> _Task to complete_: Nothing outside the range below should be printed. Output exactly the lines from the line with "#17=DIRECTION('',(1.,0.,0.));" to the line with "#51=CARTESIAN_POINT('',(0.,420.,0.));", both included.

---- Task material

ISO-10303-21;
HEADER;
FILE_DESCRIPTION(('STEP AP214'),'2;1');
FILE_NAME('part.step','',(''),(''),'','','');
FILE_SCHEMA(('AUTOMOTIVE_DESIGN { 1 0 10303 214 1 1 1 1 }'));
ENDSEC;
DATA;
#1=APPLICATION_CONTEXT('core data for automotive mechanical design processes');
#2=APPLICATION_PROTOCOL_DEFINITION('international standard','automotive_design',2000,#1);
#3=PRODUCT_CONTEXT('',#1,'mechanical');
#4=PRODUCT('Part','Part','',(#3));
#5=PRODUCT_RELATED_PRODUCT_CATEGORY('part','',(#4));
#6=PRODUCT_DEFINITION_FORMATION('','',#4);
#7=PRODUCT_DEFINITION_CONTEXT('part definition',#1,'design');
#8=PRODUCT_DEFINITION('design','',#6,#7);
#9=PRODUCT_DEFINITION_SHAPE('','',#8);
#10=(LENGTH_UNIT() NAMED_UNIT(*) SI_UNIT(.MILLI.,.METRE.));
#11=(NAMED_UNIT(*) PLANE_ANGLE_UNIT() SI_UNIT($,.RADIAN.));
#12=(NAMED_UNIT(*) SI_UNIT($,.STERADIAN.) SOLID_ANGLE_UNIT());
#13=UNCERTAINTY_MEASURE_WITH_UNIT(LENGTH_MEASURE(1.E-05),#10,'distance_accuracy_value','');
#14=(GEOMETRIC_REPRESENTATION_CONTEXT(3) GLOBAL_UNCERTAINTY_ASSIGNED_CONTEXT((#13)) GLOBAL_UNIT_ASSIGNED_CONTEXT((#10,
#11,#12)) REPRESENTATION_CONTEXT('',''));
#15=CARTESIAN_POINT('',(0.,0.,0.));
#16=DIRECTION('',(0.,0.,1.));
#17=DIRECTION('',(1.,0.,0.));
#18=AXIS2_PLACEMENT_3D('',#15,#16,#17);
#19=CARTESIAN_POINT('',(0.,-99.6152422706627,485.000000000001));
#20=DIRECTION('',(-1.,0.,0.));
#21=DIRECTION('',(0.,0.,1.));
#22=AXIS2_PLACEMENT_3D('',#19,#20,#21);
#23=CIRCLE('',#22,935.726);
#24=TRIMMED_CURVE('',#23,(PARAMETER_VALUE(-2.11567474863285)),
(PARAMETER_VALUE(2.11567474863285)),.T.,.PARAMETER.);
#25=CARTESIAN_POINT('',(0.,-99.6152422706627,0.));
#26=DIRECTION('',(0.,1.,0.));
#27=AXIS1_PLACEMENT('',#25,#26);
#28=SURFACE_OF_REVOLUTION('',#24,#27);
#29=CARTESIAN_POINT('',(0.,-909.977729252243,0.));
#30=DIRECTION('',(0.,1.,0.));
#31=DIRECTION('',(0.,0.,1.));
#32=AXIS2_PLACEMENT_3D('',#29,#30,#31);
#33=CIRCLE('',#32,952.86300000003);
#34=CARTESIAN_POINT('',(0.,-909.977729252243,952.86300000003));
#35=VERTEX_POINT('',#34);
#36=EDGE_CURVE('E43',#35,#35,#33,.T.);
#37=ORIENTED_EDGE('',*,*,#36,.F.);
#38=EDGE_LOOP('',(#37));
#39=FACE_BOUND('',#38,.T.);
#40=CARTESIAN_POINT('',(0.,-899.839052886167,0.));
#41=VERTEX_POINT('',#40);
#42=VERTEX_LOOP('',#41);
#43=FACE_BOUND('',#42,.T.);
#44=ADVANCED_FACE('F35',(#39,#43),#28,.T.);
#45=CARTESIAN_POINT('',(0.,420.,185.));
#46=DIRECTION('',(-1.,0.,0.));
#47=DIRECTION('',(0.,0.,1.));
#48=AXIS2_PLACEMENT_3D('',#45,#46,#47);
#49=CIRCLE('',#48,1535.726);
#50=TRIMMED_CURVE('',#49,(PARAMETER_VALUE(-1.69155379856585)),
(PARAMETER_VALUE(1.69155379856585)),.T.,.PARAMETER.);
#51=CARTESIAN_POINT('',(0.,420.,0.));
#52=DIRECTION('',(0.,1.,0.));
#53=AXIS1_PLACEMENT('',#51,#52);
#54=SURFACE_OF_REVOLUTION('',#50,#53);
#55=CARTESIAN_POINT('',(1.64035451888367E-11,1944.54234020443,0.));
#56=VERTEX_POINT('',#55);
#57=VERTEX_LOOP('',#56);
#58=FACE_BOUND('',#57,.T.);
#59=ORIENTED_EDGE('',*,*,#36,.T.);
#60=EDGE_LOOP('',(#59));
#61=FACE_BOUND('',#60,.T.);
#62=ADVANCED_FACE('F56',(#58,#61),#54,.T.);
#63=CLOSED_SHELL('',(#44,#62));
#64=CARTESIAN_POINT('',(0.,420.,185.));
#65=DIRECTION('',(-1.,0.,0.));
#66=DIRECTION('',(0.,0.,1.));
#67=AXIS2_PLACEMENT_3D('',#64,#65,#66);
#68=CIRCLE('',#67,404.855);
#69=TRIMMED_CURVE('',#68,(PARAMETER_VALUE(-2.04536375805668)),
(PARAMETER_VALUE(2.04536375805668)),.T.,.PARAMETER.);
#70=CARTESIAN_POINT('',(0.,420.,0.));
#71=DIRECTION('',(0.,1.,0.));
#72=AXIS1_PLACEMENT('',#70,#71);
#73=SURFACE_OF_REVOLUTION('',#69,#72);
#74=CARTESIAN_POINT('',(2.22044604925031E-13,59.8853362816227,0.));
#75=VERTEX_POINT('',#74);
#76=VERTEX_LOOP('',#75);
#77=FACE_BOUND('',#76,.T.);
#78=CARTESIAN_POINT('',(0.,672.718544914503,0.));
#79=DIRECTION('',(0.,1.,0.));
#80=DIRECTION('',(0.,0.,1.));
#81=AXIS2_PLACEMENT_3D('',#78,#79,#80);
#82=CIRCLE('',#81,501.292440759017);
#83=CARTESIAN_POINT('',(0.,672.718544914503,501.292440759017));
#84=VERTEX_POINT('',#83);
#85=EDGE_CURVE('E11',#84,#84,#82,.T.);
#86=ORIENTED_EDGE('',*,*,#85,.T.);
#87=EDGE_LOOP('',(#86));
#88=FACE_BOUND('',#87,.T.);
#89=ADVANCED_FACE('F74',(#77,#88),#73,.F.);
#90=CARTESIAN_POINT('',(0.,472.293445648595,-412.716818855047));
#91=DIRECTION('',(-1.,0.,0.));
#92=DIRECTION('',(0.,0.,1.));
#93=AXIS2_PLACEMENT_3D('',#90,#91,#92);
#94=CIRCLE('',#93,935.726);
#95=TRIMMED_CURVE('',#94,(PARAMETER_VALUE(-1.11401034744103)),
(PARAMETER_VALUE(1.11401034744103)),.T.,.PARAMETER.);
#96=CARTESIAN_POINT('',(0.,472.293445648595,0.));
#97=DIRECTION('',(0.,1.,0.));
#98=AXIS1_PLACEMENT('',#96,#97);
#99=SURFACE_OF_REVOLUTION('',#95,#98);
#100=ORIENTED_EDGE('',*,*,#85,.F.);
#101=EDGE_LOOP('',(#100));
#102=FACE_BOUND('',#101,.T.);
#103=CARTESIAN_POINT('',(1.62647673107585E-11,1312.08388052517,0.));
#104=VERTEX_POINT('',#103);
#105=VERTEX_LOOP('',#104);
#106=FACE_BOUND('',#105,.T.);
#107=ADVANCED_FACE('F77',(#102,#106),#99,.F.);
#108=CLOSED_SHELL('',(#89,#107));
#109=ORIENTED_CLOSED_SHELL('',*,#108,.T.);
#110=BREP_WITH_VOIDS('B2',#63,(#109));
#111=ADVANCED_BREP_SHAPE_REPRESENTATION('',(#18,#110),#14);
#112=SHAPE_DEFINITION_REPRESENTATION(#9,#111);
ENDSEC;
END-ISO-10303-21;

--------

> _Response below_:
#17=DIRECTION('',(1.,0.,0.));
#18=AXIS2_PLACEMENT_3D('',#15,#16,#17);
#19=CARTESIAN_POINT('',(0.,-99.6152422706627,485.000000000001));
#20=DIRECTION('',(-1.,0.,0.));
#21=DIRECTION('',(0.,0.,1.));
#22=AXIS2_PLACEMENT_3D('',#19,#20,#21);
#23=CIRCLE('',#22,935.726);
#24=TRIMMED_CURVE('',#23,(PARAMETER_VALUE(-2.11567474863285)),
(PARAMETER_VALUE(2.11567474863285)),.T.,.PARAMETER.);
#25=CARTESIAN_POINT('',(0.,-99.6152422706627,0.));
#26=DIRECTION('',(0.,1.,0.));
#27=AXIS1_PLACEMENT('',#25,#26);
#28=SURFACE_OF_REVOLUTION('',#24,#27);
#29=CARTESIAN_POINT('',(0.,-909.977729252243,0.));
#30=DIRECTION('',(0.,1.,0.));
#31=DIRECTION('',(0.,0.,1.));
#32=AXIS2_PLACEMENT_3D('',#29,#30,#31);
#33=CIRCLE('',#32,952.86300000003);
#34=CARTESIAN_POINT('',(0.,-909.977729252243,952.86300000003));
#35=VERTEX_POINT('',#34);
#36=EDGE_CURVE('E43',#35,#35,#33,.T.);
#37=ORIENTED_EDGE('',*,*,#36,.F.);
#38=EDGE_LOOP('',(#37));
#39=FACE_BOUND('',#38,.T.);
#40=CARTESIAN_POINT('',(0.,-899.839052886167,0.));
#41=VERTEX_POINT('',#40);
#42=VERTEX_LOOP('',#41);
#43=FACE_BOUND('',#42,.T.);
#44=ADVANCED_FACE('F35',(#39,#43),#28,.T.);
#45=CARTESIAN_POINT('',(0.,420.,185.));
#46=DIRECTION('',(-1.,0.,0.));
#47=DIRECTION('',(0.,0.,1.));
#48=AXIS2_PLACEMENT_3D('',#45,#46,#47);
#49=CIRCLE('',#48,1535.726);
#50=TRIMMED_CURVE('',#49,(PARAMETER_VALUE(-1.69155379856585)),
(PARAMETER_VALUE(1.69155379856585)),.T.,.PARAMETER.);
#51=CARTESIAN_POINT('',(0.,420.,0.));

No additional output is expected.